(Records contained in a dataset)

....

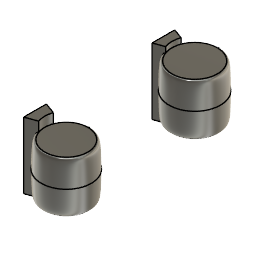
fork-upper-crown30-type-af7mm-fox38-miran (Autodesk Fusion 360 archive; units mm, degrees)
design "Untitled"
part number: 2026-04-06-17-23-14-010
part number: 2026-04-07-10-34-04-831
Autodesk Fusion 360 part; units mm, degrees
sketch "Fox 36" plane through (0, 0, 0) normal (1, 0, 0) x (0, 1, 0)
  line L0 (0, 0) -> (0, 45.8)
  line L1 (0, 45.8) -> (19.45, 45.8)
  line L2 (0, 43.65) -> (21.6, 43.65) construction
  line L3 (0, 2.15) -> (21.6, 2.15) construction
  line L4 (0, 0) -> (19.45, 0)
  line L5 (0, 22.9) -> (22.6, 22.9) construction
  spline S0 degree 5 poles (19.45, 0) (19.6516, 0) (20.0375, 0.0457) (20.5637, 0.25) (21.1485, 0.7925) (21.6357, 1.9079) (21.9282, 3.7985) (22.1323, 6.7357) (22.286, 10.4562) (22.414, 14.5267) (22.517, 18.3729) (22.5731, 20.8212) (22.5951, 22.1006) (22.6, 22.6793) (22.6, 22.9) knots 0 0 0 0 0 0 0.1 0.2 0.3 0.4 0.5 0.6 0.7 0.8 0.9 1 1 1 1 1 1
  line L6 (17.2748, 0) -> (21.6252, 0)
  line L7 (22.6, 21.9821) -> (22.6, 23.8179)
  line L8 (21.2003, 0.5604) -> (21.9997, 3.7396)
  spline S1 degree 5 poles (19.45, 45.8) (19.6516, 45.8) (20.0375, 45.7543) (20.5637, 45.55) (21.1485, 45.0075) (21.6357, 43.8921) (21.9282, 42.0015) (22.1323, 39.0643) (22.286, 35.3438) (22.414, 31.2733) (22.517, 27.4271) (22.5731, 24.9788) (22.5951, 23.6994) (22.6, 23.1207) (22.6, 22.9) knots 0 0 0 0 0 0 0.1 0.2 0.3 0.4 0.5 0.6 0.7 0.8 0.9 1 1 1 1 1 1
  line L9 (17.2748, 45.8) -> (21.6252, 45.8)
  line L10 (21.2003, 45.2396) -> (21.9997, 42.0604)
  line L11 (22.6, 23.8179) -> (22.6, 21.9821)
  point P0 (0, 2.15)
  point P1 (0, 43.65)
  point P2 (21.6, 43.65)
  dimension "d1" = 45.8
  dimension "d2" = 41.5
  dimension "d3" = 2.15
  dimension "d4" = 22.6
  dimension "d5" = 21.6
  dimension "d6" = 21.6
  dimension "d7" = 19.45
  dimension "d8" = 19.45
  constraint coincident L0.start L4.start
  constraint vertical L0
  constraint coincident L0 P0
  constraint coincident L0 P1
  constraint perpendicular L0 L1
  constraint coincident P1 L2.start
  constraint perpendicular L0 L2
  constraint coincident P0 L3.start
  constraint perpendicular L0 L3
  constraint perpendicular L0 L4
  constraint midpoint L0 L5.start
  constraint perpendicular L0 L5
  constraint midpoint L4.end L6
  constraint horizontal L6
  constraint midpoint L5.end L7
  constraint vertical L7
  constraint midpoint L3.end L8
  constraint symmetric L3.end L5 P2
  constraint symmetric L4.end L5 L1.end
  constraint symmetric S0.end L5 S1.end
  constraint symmetric L5 L6.start L9.start
  constraint symmetric L5 L6.end L9.end
  constraint symmetric L5 L7.start L7.end
  constraint symmetric L5 L7.end L7.start
  constraint symmetric L5 L8.start L10.start
  constraint symmetric L5 L8.end L10.end
  measures "d1" distance of L0.start L0.end
  measures "d2" distance of P0 P1
  measures "d3" distance of L0.end P1
  measures "d4" distance of L5.start L5.end
  measures "d5" distance of P1 P2
  measures "d6" distance of P0 L3.end
  measures "d7" distance of L0.end L1.end
  measures "d8" distance of L0.start L4.end
sketch "Fox 38" plane through (0, 0, 0) normal (1, 0, 0) x (0, 1, 0)
  line L0 (116.1014, 49.5016) -> (136.6014, 49.5016)
  line L1 (116.1014, 3.2016) -> (136.6014, 3.2016)
  spline S0 degree 5 poles (136.6014, 3.2016) (136.7867, 3.2016) (137.1382, 3.2369) (137.6079, 3.3945) (138.1194, 3.8534) (138.5722, 5.0072) (138.8725, 7.0893) (139.065, 10.1804) (139.1811, 13.9894) (139.2474, 18.0687) (139.2825, 21.8765) (139.2958, 24.2872) (139.3004, 25.5521) (139.3014, 26.1294) (139.3014, 26.3516) knots 0 0 0 0 0 0 0.1 0.2 0.3 0.4 0.5 0.6 0.7 0.8 0.9 1 1 1 1 1 1
  line L2 (134.4263, 3.2016) -> (138.7766, 3.2016)
  line L3 (138.1017, 3.5121) -> (138.9012, 6.6912)
  line L4 (139.3014, 25.4337) -> (139.3014, 27.2695)
  line L5 (116.1014, 3.2016) -> (116.1014, 49.5016)
  line L6 (116.1014, 26.3516) -> (139.3014, 26.3516) construction
  line L7 (116.1014, 5.1016) -> (138.5014, 5.1016) construction
  spline S1 degree 5 poles (136.6014, 49.5016) (136.7867, 49.5016) (137.1382, 49.4664) (137.6079, 49.3088) (138.1194, 48.8498) (138.5722, 47.6961) (138.8725, 45.6139) (139.065, 42.5229) (139.1811, 38.7139) (139.2474, 34.6346) (139.2825, 30.8267) (139.2958, 28.416) (139.3004, 27.1512) (139.3014, 26.5738) (139.3014, 26.3516) knots 0 0 0 0 0 0 0.1 0.2 0.3 0.4 0.5 0.6 0.7 0.8 0.9 1 1 1 1 1 1
  line L8 (134.4263, 49.5016) -> (138.7766, 49.5016)
  line L9 (138.1017, 49.1912) -> (138.9012, 46.0121)
  line L10 (139.3014, 27.2695) -> (139.3014, 25.4337)
  line L11 (116.1014, 47.6016) -> (138.5014, 47.6016) construction
  point P0 (116.1014, 3.2016)
  point P1 (138.5014, 47.6016)
  point P2 (116.1014, 5.1016)
  point P3 (116.1014, 47.6016)
  dimension "d10" = 46.3
  dimension "d11" = 42.5
  dimension "d12" = 1.9
  dimension "d13" = 23.2
  dimension "d14" = 22.4
  dimension "d15" = 22.4
  dimension "d16" = 20.5
  dimension "d17" = 20.5
  constraint coincident P0 L1.start
  constraint vertical L5
  constraint coincident P2 L5
  constraint coincident P3 L5
  constraint perpendicular L0 L5
  constraint coincident P3 L11.start
  constraint perpendicular L5 L11
  constraint coincident L7.start P2
  constraint perpendicular L5 L7
  constraint perpendicular L1 L5
  constraint midpoint L6.start L5
  constraint perpendicular L5 L6
  constraint midpoint L1.end L2
  constraint horizontal L2
  constraint midpoint S0.end L4
  constraint vertical L4
  constraint midpoint L7.end L3
  constraint symmetric L7.end L11.end L6
  constraint symmetric L1.end L0.end L6
  constraint symmetric S0.end S1.end L6
  constraint symmetric L8.start L2.start L6
  constraint symmetric L8.end L2.end L6
  constraint symmetric L4.end L4.start L6
  constraint symmetric L4.start L4.end L6
  constraint symmetric L3.start L9.start L6
  constraint symmetric L3.end L9.end L6
  measures "d10" distance of P0 L0.start
  measures "d11" distance of P2 P3
  measures "d12" distance of L0.start P3
  measures "d13" distance of L6.start S0.end
  measures "d14" distance of P1 P3
  measures "d15" distance of L7.end L7.start
  measures "d16" distance of L0.start L0.end
  measures "d17" distance of L1.end P0
revolve "Revolve1" add sketch "Fox 36" angle 360 about axis through (0, 0, 0) along (0, 0, 1) makes body 1
revolve "Revolve2" add sketch "Fox 38" angle 360 about axis through (0, 116.1014, 3.2016) along (0, 0, 1) separate body makes body 2
ref_plane "WorkPlane1" through (0, 116.1014, 54.5016) normal (0, 0, 1) x (1, 0, 0)
sketch "Sketch3" plane through (0, 0, 54.5016) normal (0, 0, 1) x (1, 0, 0)
  circle A0 centre (0, 116.1014) radius 20.5
  circle A1 centre (0, 0) radius 19.45
  line L0 (0, 0) -> (-57.1658, -20.8066)
  line L1 (0, 0) -> (61.3002, 0) construction
  line L2 (0, 0) -> (-55.3132, 20.1324)
  line L3 (0, 0) -> (59.3136, 0) construction
  line L4 (0, 116.1014) -> (-56.3255, 95.6006)
  line L5 (0, 116.1014) -> (60.3991, 116.1014) construction
  line L6 (0, 116.1014) -> (-42.256, 131.4814)
  line L7 (0, 116.1014) -> (45.3121, 116.1014) construction
  circle A2 centre (0, 116.1014) radius 23.2
  circle A3 centre (0, 0) radius 22.6
  line L8 (-28.3166, 136.3446) -> (-28.3166, -27.6887)
  dimension "d21" = 160
  dimension "d22" = 160
  dimension "d23" = 160
  dimension "d24" = 160
  constraint horizontal L1
  constraint coincident A1.centre L0.start
  constraint horizontal L3
  constraint horizontal L5
  constraint coincident A0.centre L4.start
  constraint horizontal L7
  constraint vertical L8
  measures "d21" angle of L0 L1
  measures "d22" angle of L2 L3
  measures "d23" angle of L4 L5
  measures "d24" angle of L6 L7
extrude "Extrude1" add sketch "Sketch3" against normal blind 60 separate body contours A0 L4 L6 A2 | L4 L6 A2 L8 | A1 L0 L2 A3 | L0 L2 A3 L8 picked at (-21.5153, 110.4279) picked at (-20.5401, 6.3603) makes body 3 at (-28.3166, 3.4355, 34.5016) makes body 4 at (-28.3166, 119.5369, 14.5016)
combine "Combine1" operation cut target body 3 tool bodies 1 keep tools
combine "Combine2" operation cut target body 4 tool bodies 2 keep tools
sketch "Sketch4" plane through (-28.3166, 0, 0) normal (-1, 0, 0) x (0, -1, 0)
  line L0 (10.3064, 54.5016) -> (-10.3064, 54.5016)
  line L1 (-10.3064, 54.5016) -> (-10.3064, -5.4984)
  line L2 (-10.3064, -5.4984) -> (10.3064, -5.4984)
  line L3 (10.3064, -5.4984) -> (10.3064, 54.5016)
  line L4 (6.486, 53.8022) -> (-10.3064, 54.5016) construction
  line L5 (-10.3064, 54.5016) -> (-12.2934, 6.7948) construction
  line L6 (-12.2934, 6.7948) -> (4.499, 6.0954) construction
  line L7 (4.499, 6.0954) -> (6.486, 53.8022) construction
  line L8 (-7.7297, 22.9) -> (7.7297, 22.9)
  line L9 (-111.3811, 54.5856) -> (-131.3486, 54.5016) construction
  line L10 (-131.3486, 54.5016) -> (-131.1416, 5.259) construction
  line L11 (-131.1416, 5.259) -> (-111.1741, 5.3429) construction
  line L12 (-111.1741, 5.3429) -> (-111.3811, 54.5856) construction
  dimension "d27" = 10
  dimension "d28" = 0
  dimension "d29" = 10
  text T0 "36" font "Arial" height 10 bold align left top in box 16.807 x 47.7482 at (6.486, 53.8022) x (-0.999134, 0.041614) y (-0.041614, -0.999134) spacing 1 kerned
  text T1 "38\n" font "Arial" height 10 bold align left top in box 19.9677 x 49.2431 at (-111.3811, 54.5856) x (-0.999991, -0.004203) y (0.004203, -0.999991) spacing 1 kerned
  constraint coincident L0.end
extrude "Extrude2" cut sketch "Sketch4" against normal blind 1 text T1 T0 bodies 3 4
copy_body "Body->Comp1" bodies 1 removing the originals makes body 5 in component "36 POS"
component "36 POS" placed x (1, 0, 0) y (0, 1, 0) z (0, 0, 1) at (0, 0, 0)
equation "d3 = ( d1 - d2 ) / 2"
equation "d6 = d5"
equation "d7 = d5 - d3"
equation "d8 = d6 - d3"
equation "d12 = ( d10 - d11 ) / 2"
equation "d15 = d14"
equation "d16 = d14 - d12"
equation "d17 = d16"
equation "d21 = d24"
equation "d22 = d24"
equation "d23 = d24"
equation "d28 = '36'"
equation "d30 = '38 '"
named bodies: "36 POS", "38 POS", "36 NEG", "38 NEG"

....

_Your objective_.
Please give an exact copy of the lines above, beginning with the line containing "line L3 (10.3064, -5.4984)" and running through the line containing "constraint coincident L0.end", and of no other lines.

_Response box_.
  line L3 (10.3064, -5.4984) -> (10.3064, 54.5016)
  line L4 (6.486, 53.8022) -> (-10.3064, 54.5016) construction
  line L5 (-10.3064, 54.5016) -> (-12.2934, 6.7948) construction
  line L6 (-12.2934, 6.7948) -> (4.499, 6.0954) construction
  line L7 (4.499, 6.0954) -> (6.486, 53.8022) construction
  line L8 (-7.7297, 22.9) -> (7.7297, 22.9)
  line L9 (-111.3811, 54.5856) -> (-131.3486, 54.5016) construction
  line L10 (-131.3486, 54.5016) -> (-131.1416, 5.259) construction
  line L11 (-131.1416, 5.259) -> (-111.1741, 5.3429) construction
  line L12 (-111.1741, 5.3429) -> (-111.3811, 54.5856) construction
  dimension "d27" = 10
  dimension "d28" = 0
  dimension "d29" = 10
  text T0 "36" font "Arial" height 10 bold align left top in box 16.807 x 47.7482 at (6.486, 53.8022) x (-0.999134, 0.041614) y (-0.041614, -0.999134) spacing 1 kerned
  text T1 "38\n" font "Arial" height 10 bold align left top in box 19.9677 x 49.2431 at (-111.3811, 54.5856) x (-0.999991, -0.004203) y (0.004203, -0.999991) spacing 1 kerned
  constraint coincident L0.end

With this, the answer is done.